# 7.8" Kobo Aura One order watch thread



## DD

Those of you who have pre-ordered the new 7.8" Kobo Aura One, please share WHEN you ordered, from WHERE you ordered (Rakuten website, Chapters Indigo, etc.), and if you have received a SHIPPED notification yet.

I ordered from Rakuten website at 2 AM Eastern Time on Aug. 30 and have not received a shipping notification yet.

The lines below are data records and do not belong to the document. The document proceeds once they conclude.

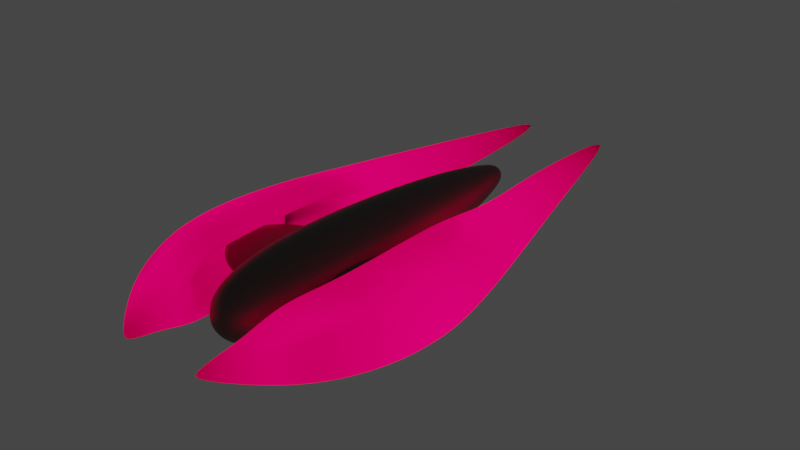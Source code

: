 # Source: Minimal.blend  (saved by Blender 2.90.8; exported with 4.5.12 LTS)
import bpy
from mathutils import Matrix  # noqa: F401  (used for matrix-valued properties, if any)

bpy.ops.wm.read_factory_settings(use_empty=True)
scene = bpy.context.scene
scene.name = 'Scene'

# ---- collections
col_collection = bpy.data.collections.new('Collection'); scene.collection.children.link(col_collection)

# ---- materials (node trees are filled in below, after node groups)
mat_arrow_004 = bpy.data.materials.new('Arrow.004')
mat_arrow_004.use_backface_culling = True
mat_arrow_004.use_transparent_shadow = False
mat_arrow_004.diffuse_color = (0.1274, 0.0999, 0.09531, 1.0)
mat_arrow_001 = bpy.data.materials.new('Arrow.001')
mat_arrow_001.use_backface_culling = True
mat_arrow_001.use_transparent_shadow = False
mat_arrow_001.diffuse_color = (0.3663, 0.0, 0.01681, 1.0)

# ---- material node trees
mat_arrow_004.use_nodes = True; mat_arrow_004.node_tree.nodes.clear()
_N = mat_arrow_004.node_tree.nodes; _L = mat_arrow_004.node_tree.links
n0 = _N.new('ShaderNodeOutputMaterial'); n0.name = 'Material Output'; n0.location = (300, 300)
n1 = _N.new('ShaderNodeBsdfPrincipled'); n1.name = 'Principled BSDF'; n1.location = (10, 300)
n1.distribution = 'GGX'
n1.subsurface_method = 'BURLEY'
n1.inputs[0].default_value = (0.1274, 0.0999, 0.09531, 1.0)
n1.inputs[1].default_value = 0.7
n1.inputs[3].default_value = 1.45
n1.inputs[27].default_value = (0.0, 0.0, 0.0, 1.0)
n1.inputs[28].default_value = 1.0
_L.new(n1.outputs[0], n0.inputs[0])
n0.is_active_output = True
mat_arrow_001.use_nodes = True; mat_arrow_001.node_tree.nodes.clear()
_N = mat_arrow_001.node_tree.nodes; _L = mat_arrow_001.node_tree.links
n0 = _N.new('ShaderNodeOutputMaterial'); n0.name = 'Material Output'; n0.location = (310, 287)
n1 = _N.new('ShaderNodeBsdfTranslucent'); n1.name = 'Translucent BSDF'; n1.location = (15, 410)
n1.inputs[0].default_value = (0.06848, 0.02315, 0.162, 1.0)
n2 = _N.new('ShaderNodeEmission'); n2.name = 'Emission'; n2.location = (41, 204)
n2.inputs[0].default_value = (0.3663, 0.0, 0.01681, 1.0)
n2.inputs[1].default_value = 90.0
_L.new(n1.outputs[0], n0.inputs[0])
_L.new(n2.outputs[0], n0.inputs[1])
n0.is_active_output = True

# ---- world
world_world = bpy.data.worlds.new('World'); scene.world = world_world
world_world.use_nodes = True; world_world.node_tree.nodes.clear()
_N = world_world.node_tree.nodes; _L = world_world.node_tree.links
n0 = _N.new('ShaderNodeOutputWorld'); n0.name = 'World Output'; n0.location = (300, 300)
n1 = _N.new('ShaderNodeBackground'); n1.name = 'Background'; n1.location = (10, 300)
n1.inputs[0].default_value = (0.05088, 0.05088, 0.05088, 1.0)
_L.new(n1.outputs[0], n0.inputs[0])
n0.is_active_output = True
world_world.color = (0.05088, 0.05088, 0.05088)
world_world.use_sun_shadow = False
world_world.sun_shadow_jitter_overblur = 0.0

# ---- meshes
me_beziercurve_005 = bpy.data.meshes.new('BezierCurve.005')
me_beziercurve_005.from_pydata([(-0.6093, -0.8394, 0.03173), (-0.7395, -0.8309, 0.03141), (-0.8679, -0.8064, 0.03048), (-0.9926, -0.7673, 0.029), (-1.112, -0.7151, 0.02703), (-1.224, -0.6512, 0.02461), (-1.327, -0.5771, 0.02181), (-1.419, -0.4943, 0.01868), (-1.499, -0.4042, 0.01528), (-1.563, -0.3082, 0.01165), (-1.612, -0.2079, 0.007858), (-1.643, -0.1047, 0.003957), (-0.6093, -0.848, 0.0), (-0.7395, -0.8394, 0.0), (-0.8679, -0.8147, 0.0), (-0.9926, -0.7752, 0.0), (-1.112, -0.7224, 0.0), (-1.224, -0.6579, 0.0), (-1.327, -0.583, 0.0), (-1.419, -0.4993, 0.0), (-1.499, -0.4083, 0.0), (-1.563, -0.3114, 0.0), (-1.612, -0.21, 0.0), (-1.643, -0.1058, 0.0), (-0.6093, -0.1058, 0.2518), (-0.7395, -0.1047, 0.2493), (-0.8679, -0.1016, 0.2419), (-0.9926, -0.09667, 0.2302), (-1.112, -0.09009, 0.2145), (-1.224, -0.08204, 0.1954), (-1.327, -0.07271, 0.1731), (-1.419, -0.06227, 0.1483), (-1.499, -0.05092, 0.1213), (-1.563, -0.03883, 0.09247), (-1.612, -0.02619, 0.06238), (-1.643, -0.01319, 0.03141), (-1.653, 2.265e-06, 0.0), (-0.6093, -0.21, 0.2444), (-0.7395, -0.2079, 0.2419), (-0.8679, -0.2018, 0.2348), (-0.9926, -0.192, 0.2234), (-1.112, -0.1789, 0.2082), (-1.224, -0.1629, 0.1896), (-1.327, -0.1444, 0.168), (-1.419, -0.1237, 0.1439), (-1.499, -0.1011, 0.1177), (-1.563, -0.07712, 0.08974), (-1.612, -0.05202, 0.06053), (-1.643, -0.02619, 0.03048), (-0.6093, -0.3114, 0.2325), (-0.7395, -0.3082, 0.2302), (-0.8679, -0.2991, 0.2234), (-0.9926, -0.2846, 0.2126), (-1.112, -0.2653, 0.1981), (-1.224, -0.2416, 0.1804), (-1.327, -0.2141, 0.1599), (-1.419, -0.1834, 0.1369), (-1.499, -0.1499, 0.112), (-1.563, -0.1143, 0.08539), (-1.612, -0.07712, 0.0576), (-1.643, -0.03883, 0.029), (-0.6093, -0.4083, 0.2167), (-0.7395, -0.4042, 0.2145), (-0.8679, -0.3922, 0.2082), (-0.9926, -0.3732, 0.1981), (-1.112, -0.3478, 0.1846), (-1.224, -0.3167, 0.1681), (-1.327, -0.2807, 0.149), (-1.419, -0.2404, 0.1276), (-1.499, -0.1966, 0.1043), (-1.563, -0.1499, 0.07958), (-1.612, -0.1011, 0.05368), (-1.643, -0.05092, 0.02703), (-0.6093, -0.4993, 0.1974), (-0.7395, -0.4943, 0.1954), (-0.8679, -0.4797, 0.1896), (-0.9926, -0.4564, 0.1804), (-1.112, -0.4254, 0.1681), (-1.224, -0.3874, 0.1531), (-1.327, -0.3433, 0.1357), (-1.419, -0.294, 0.1162), (-1.499, -0.2404, 0.09503), (-1.563, -0.1834, 0.07247), (-1.612, -0.1237, 0.04888), (-1.643, -0.06227, 0.02461), (-0.6093, -0.583, 0.1749), (-0.7395, -0.5771, 0.1731), (-0.8679, -0.5601, 0.168), (-0.9926, -0.5329, 0.1599), (-1.112, -0.4966, 0.149), (-1.224, -0.4523, 0.1357), (-1.327, -0.4008, 0.1202), (-1.419, -0.3433, 0.103), (-1.499, -0.2807, 0.08421), (-1.563, -0.2141, 0.06422), (-1.612, -0.1444, 0.04332), (-1.643, -0.07271, 0.02181), (-0.6093, -0.6579, 0.1498), (-0.7395, -0.6512, 0.1483), (-0.8679, -0.632, 0.1439), (-0.9926, -0.6013, 0.1369), (-1.112, -0.5604, 0.1276), (-1.224, -0.5103, 0.1162), (-1.327, -0.4523, 0.103), (-1.419, -0.3874, 0.08821), (-1.499, -0.3167, 0.07213), (-1.563, -0.2416, 0.05501), (-1.612, -0.1629, 0.0371), (-1.643, -0.08204, 0.01868), (-0.6093, -0.7224, 0.1225), (-0.7395, -0.7151, 0.1213), (-0.8679, -0.694, 0.1177), (-0.9926, -0.6603, 0.112), (-1.112, -0.6154, 0.1043), (-1.224, -0.5604, 0.09503), (-1.327, -0.4966, 0.08421), (-1.419, -0.4254, 0.07213), (-1.499, -0.3478, 0.05898), (-1.563, -0.2653, 0.04498), (-1.612, -0.1789, 0.03034), (-1.643, -0.09009, 0.01528), (-0.6093, -0.7752, 0.09342), (-0.7395, -0.7673, 0.09247), (-0.8679, -0.7447, 0.08974), (-0.9926, -0.7085, 0.08539), (-1.112, -0.6603, 0.07958), (-1.224, -0.6013, 0.07247), (-1.327, -0.5329, 0.06422), (-1.419, -0.4564, 0.05501), (-1.499, -0.3732, 0.04498), (-1.563, -0.2846, 0.0343), (-1.612, -0.192, 0.02314), (-1.643, -0.09667, 0.01165), (-0.6093, -0.8147, 0.06301), (-0.7395, -0.8064, 0.06238), (-0.8679, -0.7826, 0.06053), (-0.9926, -0.7447, 0.0576), (-1.112, -0.694, 0.05368), (-1.224, -0.632, 0.04888), (-1.327, -0.5601, 0.04332), (-1.419, -0.4797, 0.0371), (-1.499, -0.3922, 0.03034), (-1.563, -0.2991, 0.02314), (-1.612, -0.2018, 0.01561), (-1.643, -0.1016, 0.007858), (-0.6093, 2.339e-06, 0.2544), (-0.7395, 2.33e-06, 0.2518), (-0.8679, 2.321e-06, 0.2444), (-0.9926, 2.312e-06, 0.2325), (-1.112, 2.304e-06, 0.2167), (-1.224, 2.296e-06, 0.1974), (-1.327, 2.288e-06, 0.1749), (-1.419, 2.282e-06, 0.1498), (-1.499, 2.276e-06, 0.1225), (-1.563, 2.271e-06, 0.09342), (-1.612, 2.268e-06, 0.06301), (-1.643, 2.266e-06, 0.03173)], [], [(11, 36, 23), (1, 13, 12, 0), (11, 23, 22, 10), (1, 2, 14, 13), (2, 3, 15, 14), (3, 4, 16, 15), (4, 5, 17, 16), (5, 6, 18, 17), (6, 7, 19, 18), (7, 8, 20, 19), (8, 9, 21, 20), (9, 10, 22, 21), (36, 11, 144), (134, 1, 0, 133), (10, 143, 144, 11), (9, 142, 143, 10), (8, 141, 142, 9), (7, 140, 141, 8), (6, 139, 140, 7), (5, 138, 139, 6), (4, 137, 138, 5), (3, 136, 137, 4), (2, 135, 136, 3), (1, 134, 135, 2), (122, 134, 133, 121), (36, 144, 132), (122, 123, 135, 134), (123, 124, 136, 135), (124, 125, 137, 136), (125, 126, 138, 137), (126, 127, 139, 138), (127, 128, 140, 139), (128, 129, 141, 140), (129, 130, 142, 141), (130, 131, 143, 142), (131, 132, 144, 143), (36, 132, 120), (110, 122, 121, 109), (132, 131, 119, 120), (131, 130, 118, 119), (130, 129, 117, 118), (129, 128, 116, 117), (128, 127, 115, 116), (127, 126, 114, 115), (126, 125, 113, 114), (125, 124, 112, 113), (124, 123, 111, 112), (123, 122, 110, 111), (98, 110, 109, 97), (36, 120, 108), (98, 99, 111, 110), (99, 100, 112, 111), (100, 101, 113, 112), (101, 102, 114, 113), (102, 103, 115, 114), (103, 104, 116, 115), (104, 105, 117, 116), (105, 106, 118, 117), (106, 107, 119, 118), (107, 108, 120, 119), (36, 108, 96), (86, 98, 97, 85), (108, 107, 95, 96), (107, 106, 94, 95), (106, 105, 93, 94), (105, 104, 92, 93), (104, 103, 91, 92), (103, 102, 90, 91), (102, 101, 89, 90), (101, 100, 88, 89), (100, 99, 87, 88), (99, 98, 86, 87), (36, 96, 84), (74, 86, 85, 73), (96, 95, 83, 84), (95, 94, 82, 83), (94, 93, 81, 82), (93, 92, 80, 81), (92, 91, 79, 80), (91, 90, 78, 79), (90, 89, 77, 78), (89, 88, 76, 77), (88, 87, 75, 76), (87, 86, 74, 75), (62, 74, 73, 61), (36, 84, 72), (62, 63, 75, 74), (63, 64, 76, 75), (64, 65, 77, 76), (65, 66, 78, 77), (66, 67, 79, 78), (67, 68, 80, 79), (68, 69, 81, 80), (69, 70, 82, 81), (70, 71, 83, 82), (71, 72, 84, 83), (36, 72, 60), (50, 62, 61, 49), (72, 71, 59, 60), (71, 70, 58, 59), (70, 69, 57, 58), (69, 68, 56, 57), (68, 67, 55, 56), (67, 66, 54, 55), (66, 65, 53, 54), (65, 64, 52, 53), (64, 63, 51, 52), (63, 62, 50, 51), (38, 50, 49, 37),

Kobo says the release is not until Sept. 6 but I know from other forums that there are people in NY and GA who ordered after me and have received tracking numbers that say their orders are on their way.


----------



## backslidr

I ordered mine on Aug 30 from the Rakuten website. I haven't received any shipping notice yet. The Kobo website now says that they will be in stock on Sept 15. Can't wait to get it.


----------



## backslidr

I just got my shipping notice. It's coming by FedEx next Monday the twelfth by 10:30 am. Yayyyy






The Beatings Will Continue Until Morale Improves


----------



## DD

7vn11vn said:


> I just got my shipping notice. It's coming by FedEx next Monday the twelfth by 10:30 am. Yayyyy
> 
> The Beatings Will Continue Until Morale Improves


Still nothing here and several attempts to get an answer from customer service to no avail.


----------



## Jen200

I received mine from Kobo today.  I still haven't received the shipping email.  

I think I am going to send it back.  I see purple and greenish-yellow colors on the screen.  I tried to read on it tonight and it is driving me crazy.  


Sent from my iPad using Tapatalk


----------



## DD

Jen200 said:


> I received mine from Kobo today. I still haven't received the shipping email.
> 
> I think I am going to send it back. I see purple and greenish-yellow colors on the screen. I tried to read on it tonight and it is driving me crazy.
> 
> Sent from my iPad using Tapatalk


So sorry to hear that. Returns with them are even harder than the shipping. Hope it goes well with you.


----------



## DD

I just got this email from KOBO:

"Response By Email (David L) (09/09/2016 10:45 AM)
Hello,

Thank your recent pre-order for the Kobo Aura ONE with Rakuten Kobo Inc.
Due to higher than expected order volumes, we are experiencing some delays with our shipments. 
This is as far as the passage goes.